*Task brief*: From the entries below, report how many lines contain the string "rotation". Give only that number.

══ Records ══

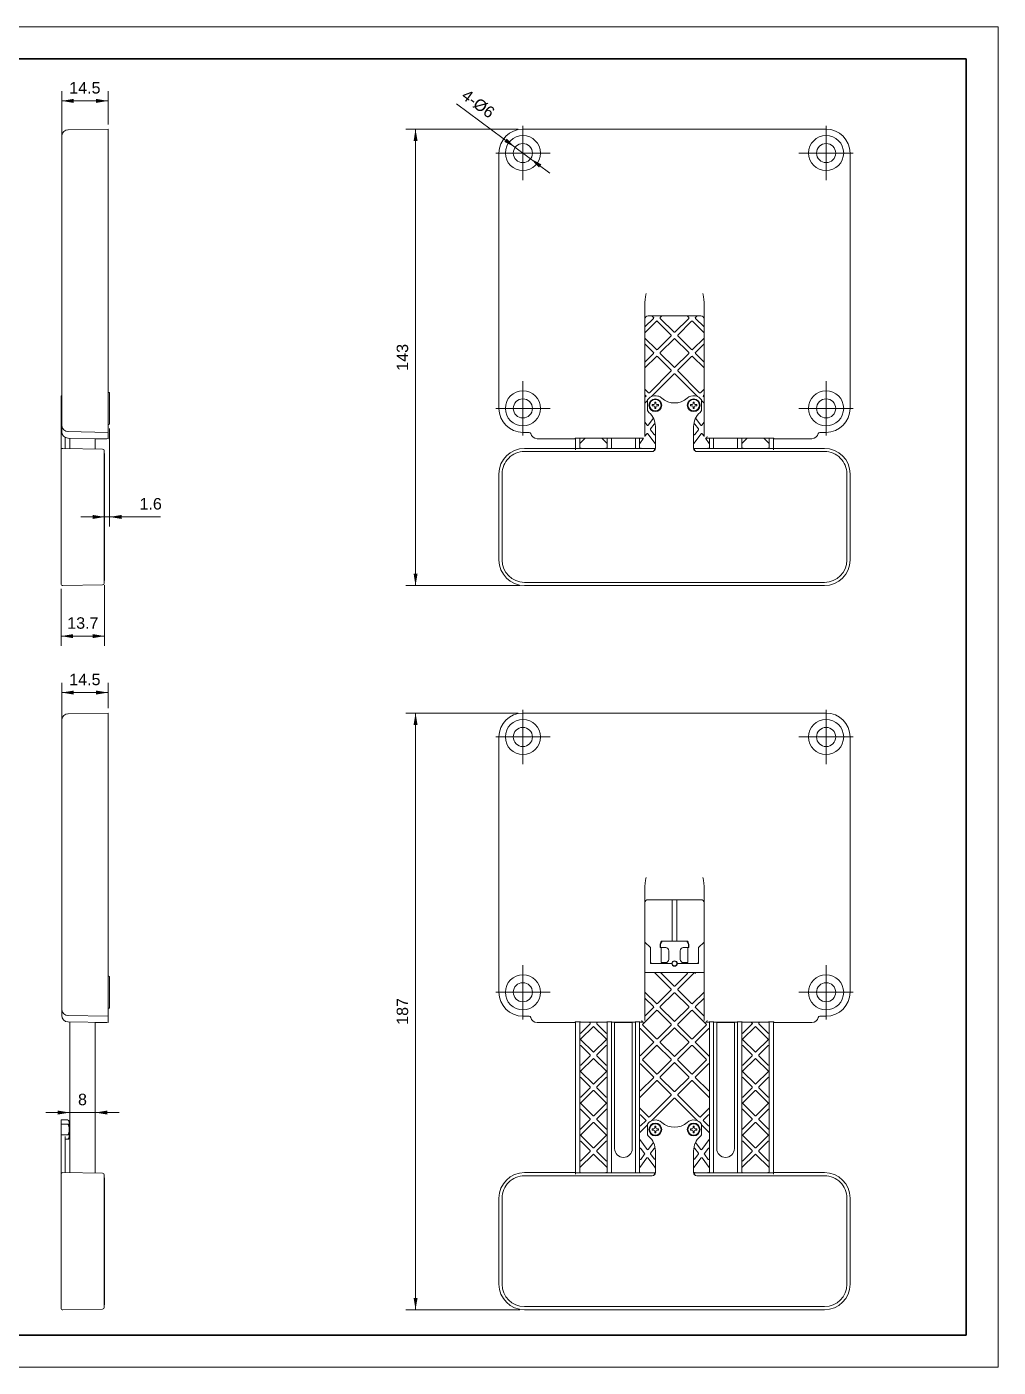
# Model space of a CAD drawing. Header units: millimetres. Extents: x -297 to 297, y -210 to 210.
# Drawn here: x -7.3 to 297, y -210 to 210 of the extents above; entities that cross this region are included whole.
import ezdxf

# ---------------------------------------------------------------- set-up
doc = ezdxf.new("R2010")
doc.units = ezdxf.units.MM
doc.layers.get('0').update_dxf_attribs({"lineweight": 20})
doc.layers.add('粗实线层', color=7, linetype='Continuous', lineweight=35)
doc.layers.add('细实线层', color=7, linetype='Continuous', lineweight=18)
doc.styles.add('标准', font='')
doc.styles.get('标准').set_extended_font_data('arial')
doc.dimstyles.new('标准', dxfattribs={"dimscale": 1.5, "dimtxt": 2.4, "dimasz": 2.5, "dimexe": 2, "dimexo": 1, "dimgap": 1.5, "dimtad": 1, "dimdec": 1, "dimdsep": 46, "dimtxsty": '标准', "dimcen": 2.5, "dimdle": 5, "dimclre": 256, "dimclrt": 7, "dimadec": 0, "dimazin": 0, "dimtfac": 0.714286, "dimtdec": 1, "dimtmove": 0, "dimatfit": 3, "dimfxl": 0, "dimtolj": 1, "dimarcsym": 0})

# ---------------------------------------------------------------- blocks, each defined once
blk = doc.blocks.new('*X9')
at = {"linetype": 'Continuous'}
for points in [[(3.41, 19.07), (7.16, 18.45), (7.16, 19.7)], [(17.06, 19.07), (13.31, 18.45), (13.31, 19.7)]]:
    blk.add_hatch(color=0, dxfattribs=at).paths.add_polyline_path(points, flags=0)
for p, q in [((3.41, 33.93), (3.41, 16.07)), ((17.06, 35.02), (17.06, 16.07))]:
    blk.add_line(p, q, dxfattribs=at)
at = {"color": 0, "linetype": 'Continuous'}
blk.add_line((17.06, 19.07), (3.41, 19.07), dxfattribs=at)
at = {"color": 7, "linetype": 'Continuous', "insert": (10.23, 23.16), "char_height": 3.6, "width": 18.022, "attachment_point": 5, "style": '标准'}
blk.add_mtext('13.7', dxfattribs=at)
blk = doc.blocks.new('*X10')
at = {"linetype": 'Continuous'}
for points in [[(17.06, 56.42), (13.31, 57.05), (13.31, 55.8)], [(18.61, 56.42), (22.36, 57.05), (22.36, 55.8)]]:
    blk.add_hatch(color=0, dxfattribs=at).paths.add_polyline_path(points, flags=0)
for p, q in [((18.61, 84.13), (18.61, 53.42)), ((17.06, 74.82), (17.06, 53.42))]:
    blk.add_line(p, q, dxfattribs=at)
at = {"color": 0, "linetype": 'Continuous'}
blk.add_line((9.56, 56.42), (34.57, 56.42), dxfattribs=at)
at = {"color": 7, "linetype": 'Continuous', "insert": (31.47, 60.51), "char_height": 3.6, "width": 12.4299, "attachment_point": 5, "style": '标准'}
blk.add_mtext('1.6', dxfattribs=at)
blk = doc.blocks.new('*X11')
at = {"linetype": 'Continuous'}
for points in [[(3.61, 186.79), (7.36, 186.16), (7.36, 187.41)], [(18.11, 186.79), (14.36, 186.16), (14.36, 187.41)]]:
    blk.add_hatch(color=0, dxfattribs=at).paths.add_polyline_path(points, flags=0)
for p, q in [((3.61, 170.39), (3.61, 189.79)), ((18.11, 179.43), (18.11, 189.79))]:
    blk.add_line(p, q, dxfattribs=at)
at = {"color": 0, "linetype": 'Continuous'}
blk.add_line((18.11, 186.79), (3.61, 186.79), dxfattribs=at)
at = {"color": 7, "linetype": 'Continuous', "insert": (10.86, 190.87), "char_height": 3.6, "width": 18.0768, "attachment_point": 5, "style": '标准'}
blk.add_mtext('14.5', dxfattribs=at)
blk = doc.blocks.new('*X12')
at = {"linetype": 'Continuous'}
for points in [[(114.46, 177.93), (115.09, 174.18), (113.84, 174.18)], [(114.46, 34.93), (115.09, 38.68), (113.84, 38.68)]]:
    blk.add_hatch(color=0, dxfattribs=at).paths.add_polyline_path(points, flags=0)
for p, q in [((146.59, 177.93), (111.46, 177.93)), ((147.09, 34.93), (111.46, 34.93))]:
    blk.add_line(p, q, dxfattribs=at)
at = {"color": 0, "linetype": 'Continuous'}
blk.add_line((114.46, 177.93), (114.46, 34.93), dxfattribs=at)
at = {"color": 7, "linetype": 'Continuous', "insert": (110.37, 106.43), "char_height": 3.6, "width": 15.2287, "attachment_point": 5, "rotation": 90, "style": '标准'}
blk.add_mtext('143', dxfattribs=at)
blk = doc.blocks.new('*X18')
at = {"linetype": 'Continuous'}
for points in [[(6.11, -130.21), (2.36, -129.59), (2.36, -130.84)], [(14.11, -130.21), (17.86, -129.59), (17.86, -130.84)]]:
    blk.add_hatch(color=0, dxfattribs=at).paths.add_polyline_path(points, flags=0)
for p, q in [((6.11, -131.02), (6.11, -127.21)), ((14.11, -131.02), (14.11, -127.21))]:
    blk.add_line(p, q, dxfattribs=at)
at = {"color": 0, "linetype": 'Continuous'}
blk.add_line((-1.39, -130.21), (21.61, -130.21), dxfattribs=at)
at = {"color": 7, "linetype": 'Continuous', "insert": (10.11, -126.13), "char_height": 3.6, "width": 7.2, "attachment_point": 5, "style": '标准'}
blk.add_mtext('8', dxfattribs=at)
blk = doc.blocks.new('*X19')
at = {"linetype": 'Continuous'}
for points in [[(3.61, 1.39), (7.36, 2.01), (7.36, 0.76)], [(18.11, 1.39), (14.36, 2.01), (14.36, 0.76)]]:
    blk.add_hatch(color=0, dxfattribs=at).paths.add_polyline_path(points, flags=0)
for p, q in [((3.61, -12.55), (3.61, 4.39)), ((18.11, -3.52), (18.11, 4.39))]:
    blk.add_line(p, q, dxfattribs=at)
at = {"color": 0, "linetype": 'Continuous'}
blk.add_line((3.61, 1.39), (18.11, 1.39), dxfattribs=at)
at = {"color": 7, "linetype": 'Continuous', "insert": (10.86, 5.48), "char_height": 3.6, "width": 18.0768, "attachment_point": 5, "style": '标准'}
blk.add_mtext('14.5', dxfattribs=at)
blk = doc.blocks.new('*X20')
at = {"linetype": 'Continuous'}
for points in [[(114.46, -5.02), (115.09, -8.77), (113.84, -8.77)], [(114.46, -192.02), (115.09, -188.27), (113.84, -188.27)]]:
    blk.add_hatch(color=0, dxfattribs=at).paths.add_polyline_path(points, flags=0)
for p, q in [((146.59, -5.02), (111.46, -5.02)), ((147.09, -192.02), (111.46, -192.02))]:
    blk.add_line(p, q, dxfattribs=at)
at = {"color": 0, "linetype": 'Continuous'}
blk.add_line((114.46, -5.02), (114.46, -192.02), dxfattribs=at)
at = {"color": 7, "linetype": 'Continuous', "insert": (110.37, -98.52), "char_height": 3.6, "width": 15.2287, "attachment_point": 5, "rotation": 90, "style": '标准'}
blk.add_mtext('187', dxfattribs=at)
blk = doc.blocks.new('*X21')
at = {"linetype": 'Continuous'}
for points in [[(145.68, 172.22), (143.04, 174.95), (142.3, 173.95)], [(150.5, 168.64), (153.89, 166.91), (153.14, 165.91)]]:
    blk.add_hatch(color=0, dxfattribs=at).paths.add_polyline_path(points, flags=0)
at = {"color": 0, "linetype": 'Continuous'}
blk.add_line((127.29, 185.85), (156.52, 164.17), dxfattribs=at)
at = {"color": 7, "insert": (134.08, 185.86), "char_height": 3.6, "width": 21.7756, "attachment_point": 5, "rotation": 323.4382, "style": '标准'}
blk.add_mtext('4-%%C6', dxfattribs=at)
blk = doc.blocks.new('$CAXA_FRAME_13B17AC1$')
at = {"layer": '粗实线层'}
for p, q in [((287, 200), (-287, 200)), ((287, -200), (287, 200)), ((-287, -200), (287, -200))]:
    blk.add_line(p, q, dxfattribs=at)
at = {"layer": '细实线层'}
for p, q in [((297, 210), (-297, 210)), ((297, -210), (297, 210)), ((-297, -210), (297, -210))]:
    blk.add_line(p, q, dxfattribs=at)

msp = doc.modelspace()

# ---------------------------------------------------------------- linework, layer by layer
at = {"color": 7, "linetype": 'Continuous', "lineweight": 18}
for p, q in [((18.11, 177.93), (5.57, 177.71)), ((18.11, 80.93), (18.11, 177.93)), ((148.09, 161.93), (148.09, 178.93)), ((148.09, 177.93), (243.09, 177.93)), ((243.09, 161.93), (243.09, 178.93)), ((3.62, 170.43), (3.62, 175.93)), ((3.61, 91.96), (3.61, 168.89)), ((3.61, 91.96), (3.61, 168.89)), ((139.59, 170.43), (156.59, 170.43)), ((140.59, 90.43), (140.59, 170.43)), ((234.59, 170.43), (251.59, 170.43)), ((250.59, 170.43), (250.59, 90.43)), ((186.34, 81.59), (186.34, 123.59)), ((204.84, 81.59), (204.84, 123.59)), ((186.34, 115.96), (189.03, 118.65)), ((190.09, 117.87), (186.34, 114.12)), ((187.34, 119.43), (203.84, 119.43)), ((188.53, 119.43), (189.03, 118.93)), ((190.09, 117.87), (194.53, 113.43)), ((190.09, 117.87), (190.09, 117.59)), ((191.65, 119.43), (191.15, 118.93)), ((195.45, 114.35), (191.15, 118.65)), ((195.73, 114.35), (200.03, 118.65)), ((200.95, 117.73), (196.65, 113.43)), ((199.53, 119.43), (200.03, 118.93)), ((201.23, 117.73), (204.84, 114.12)), ((202.65, 119.43), (202.15, 118.93)), ((204.84, 115.96), (202.15, 118.65)), ((189.95, 108.85), (186.34, 112.46)), ((186.34, 110.62), (189.03, 107.93)), ((190.23, 108.85), (194.53, 113.15)), ((195.59, 112.37), (191.15, 107.93)), ((195.59, 112.37), (200.03, 107.93)), ((195.59, 112.37), (195.59, 112.09)), ((200.95, 108.85), (196.65, 113.15)), ((201.23, 108.85), (204.84, 112.46)), ((204.84, 110.62), (202.15, 107.93)), ((186.34, 104.96), (189.03, 107.65)), ((189.95, 106.73), (186.34, 103.12)), ((190.23, 106.73), (194.53, 102.43)), ((195.45, 103.35), (191.15, 107.65)), ((195.73, 103.35), (200.03, 107.65)), ((200.95, 106.73), (196.65, 102.43)), ((201.23, 106.73), (204.84, 103.12)), ((204.84, 104.96), (202.15, 107.65)), ((187.74, 95.36), (194.53, 102.15)), ((195.45, 101.23), (188.35, 94.13)), ((195.73, 101.23), (202.83, 94.13)), ((203.44, 95.36), (196.65, 102.15)), ((148.09, 81.93), (148.09, 98.93)), ((243.09, 81.93), (243.09, 98.93)), ((3.61, 94.42), (3.41, 94.42)), ((3.41, 94.42), (3.41, 35.43)), ((3.61, 93.08), (3.41, 93.08)), ((18.11, 95.43), (18.41, 95.43)), ((18.61, 95.23), (18.61, 85.63)), ((187.46, 95.36), (186.34, 96.48)), ((186.34, 94.64), (186.68, 94.3)), ((186.34, 93.96), (186.68, 94.3)), ((187.01, 92.79), (186.34, 92.12)), ((187.09, 89.76), (187.09, 93.08)), ((189.39, 92.42), (189.79, 92.42)), ((189.39, 91.92), (189.39, 92.42)), ((189.79, 92.42), (189.79, 91.92)), ((201.39, 92.42), (201.79, 92.42)), ((201.39, 91.92), (201.39, 92.42)), ((201.79, 92.42), (201.79, 91.92)), ((204.84, 96.48), (203.72, 95.36)), ((204.09, 89.76), (204.09, 93.08)), ((204.09, 92.87), (204.84, 92.12)), ((204.64, 94.44), (204.84, 94.64)), ((204.84, 93.96), (204.64, 94.16)), ((3.61, 89.76), (3.41, 89.76)), ((3.62, 84.93), (3.62, 90.43)), ((139.59, 90.43), (156.59, 90.43)), ((188.59, 91.62), (189.09, 91.62)), ((188.59, 91.22), (188.59, 91.62)), ((189.09, 91.22), (188.59, 91.22)), ((189.39, 90.42), (189.39, 90.92)), ((189.79, 90.42), (189.39, 90.42)), ((189.79, 90.92), (189.79, 90.42)), ((190.09, 91.62), (190.59, 91.62)), ((190.59, 91.22), (190.09, 91.22)), ((190.59, 91.62), (190.59, 91.22)), ((200.59, 91.62), (201.09, 91.62)), ((200.59, 91.22), (200.59, 91.62)), ((201.09, 91.22), (200.59, 91.22)), ((201.39, 90.42), (201.39, 90.92)), ((201.79, 90.42), (201.39, 90.42)), ((201.79, 90.92), (201.79, 90.42)), ((202.09, 91.62), (202.59, 91.62)), ((202.59, 91.22), (202.09, 91.22)), ((202.59, 91.62), (202.59, 91.22)), ((234.59, 90.43), (251.59, 90.43)), ((3.61, 83.15), (3.61, 84.93)), ((18.11, 85.43), (18.41, 85.43)), ((187.03, 85.17), (186.34, 86.08)), ((188.98, 87.34), (187.35, 85.17)), ((188.09, 84), (189.23, 85.51)), ((189.59, 77.92), (189.59, 84.71)), ((201.59, 77.92), (201.59, 84.71)), ((201.95, 85.51), (203.09, 84)), ((203.84, 85.17), (202.2, 87.34)), ((204.84, 86.08), (204.15, 85.17)), ((4.66, 81.41), (4.66, 77.9)), ((4.71, 77.9), (4.71, 81.39)), ((18.11, 82.93), (5.57, 83.15)), ((18.11, 80.93), (5.57, 81.15)), ((6.11, 81.14), (6.11, 77.87)), ((14.11, 81), (14.11, 77.73)), ((14.11, 80.93), (17.71, 80.93)), ((14.21, 81), (14.21, 80.93)), ((150.09, 82.93), (148.09, 82.93)), ((164.44, 80.93), (152.54, 80.93)), ((164.44, 80.93), (164.44, 81.14)), ((164.44, 81.14), (166.14, 81.14)), ((164.59, 81.14), (164.59, 77.41)), ((165.89, 81.14), (165.89, 78.05)), ((165.95, 79.48), (167.57, 81.1)), ((166.14, 81.1), (166.14, 81.14)), ((174.44, 81.1), (166.14, 81.1)), ((172.86, 81.1), (174.48, 79.48)), ((175.94, 81.14), (174.44, 81.14)), ((174.44, 81.1), (174.44, 81.14)), ((174.54, 81.14), (174.54, 78.05)), ((175.84, 81.14), (175.84, 77.87)), ((175.94, 81.09), (175.94, 81.14)), ((183.24, 81.09), (175.94, 81.09)), ((184.74, 81.14), (183.24, 81.14)), ((183.24, 81.09), (183.24, 81.14)), ((183.34, 81.14), (183.34, 77.87)), ((184.64, 81.14), (184.64, 78.05)), ((184.68, 79.47), (185.91, 81.1)), ((184.74, 81.09), (184.74, 81.14)), ((185.84, 81.09), (184.74, 81.09)), ((186.34, 81.68), (186.96, 82.49)), ((187.28, 82.49), (189.55, 79.47)), ((189.23, 82.25), (188.09, 83.76)), ((201.63, 79.47), (203.91, 82.49)), ((203.09, 83.76), (201.95, 82.25)), ((204.23, 82.49), (204.84, 81.68)), ((205.27, 81.1), (206.5, 79.47)), ((206.44, 81.09), (205.34, 81.09)), ((207.94, 81.14), (206.44, 81.14)), ((206.44, 81.09), (206.44, 81.14)), ((206.54, 81.14), (206.54, 78.05)), ((207.84, 81.14), (207.84, 77.87)), ((207.94, 81.09), (207.94, 81.14)), ((215.24, 81.09), (207.94, 81.09)), ((216.74, 81.14), (215.24, 81.14)), ((215.24, 81.09), (215.24, 81.14)), ((215.34, 81.14), (215.34, 77.87)), ((216.64, 81.14), (216.64, 78.05)), ((218.32, 81.1), (216.7, 79.48)), ((216.74, 81.1), (216.74, 81.14)), ((225.04, 81.1), (216.74, 81.1)), ((225.23, 79.48), (223.61, 81.1)), ((225.04, 81.14), (226.74, 81.14)), ((225.04, 81.1), (225.04, 81.14)), ((225.29, 81.14), (225.29, 78.05)), ((226.59, 81.14), (226.59, 77.41)), ((226.74, 81.14), (226.74, 80.93)), ((238.64, 80.93), (226.74, 80.93)), ((243.09, 82.93), (241.09, 82.93)), ((3.71, 77.87), (3.41, 77.87)), ((3.92, 77.91), (16.42, 77.69)), ((16.91, 77.19), (16.91, 35.65)), ((16.91, 76.32), (17.06, 76.32)), ((17.06, 76.32), (17.06, 36.52)), ((164.59, 77.91), (148.59, 77.91)), ((188.64, 76.92), (148.59, 76.92)), ((189.34, 77.87), (164.59, 77.87)), ((189.34, 77.87), (189.34, 77.62)), ((189.34, 77.86), (189.39, 77.86)), ((201.79, 77.86), (201.84, 77.86)), ((226.59, 77.87), (201.84, 77.87)), ((201.84, 77.87), (201.84, 77.62)), ((242.59, 76.92), (202.54, 76.92)), ((242.59, 77.91), (226.59, 77.91)), ((140.6, 69.92), (140.6, 42.92)), ((141.59, 42.92), (141.59, 69.92)), ((249.59, 69.92), (249.59, 42.92)), ((250.58, 42.92), (250.58, 69.92)), ((3.92, 34.93), (16.42, 35.15)), ((16.91, 36.52), (17.06, 36.52)), ((242.59, 35.92), (148.59, 35.92)), ((148.59, 34.93), (242.59, 34.93)), ((148.09, -21.02), (148.09, -4.02)), ((243.09, -21.02), (243.09, -4.02)), ((3.62, -12.52), (3.62, -7.02)), ((18.11, -5.02), (5.57, -5.23)), ((18.11, -102.02), (18.11, -5.02)), ((148.09, -5.02), (243.09, -5.02)), ((139.59, -12.52), (156.59, -12.52)), ((140.59, -92.52), (140.59, -12.52)), ((234.59, -12.52), (251.59, -12.52)), ((250.59, -12.52), (250.59, -92.52)), ((3.61, -90.98), (3.61, -14.05)), ((3.61, -90.98), (3.61, -14.05)), ((186.34, -101.36), (186.34, -59.35)), ((204.84, -101.36), (204.84, -59.35)), ((187.34, -63.52), (203.84, -63.52)), ((194.84, -63.52), (194.84, -76.52)), ((196.34, -63.52), (196.34, -76.52)), ((188.09, -78.52), (186.34, -76.77)), ((188.09, -83.52), (188.09, -78.52)), ((191.09, -77.52), (191.09, -78.52)), ((191.09, -78.52), (191.39, -78.52)), ((191.45, -76.52), (191.11, -77.48)), ((191.22, -78.52), (191.22, -77.52)), ((191.39, -78.52), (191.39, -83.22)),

═══

*The answer*: 3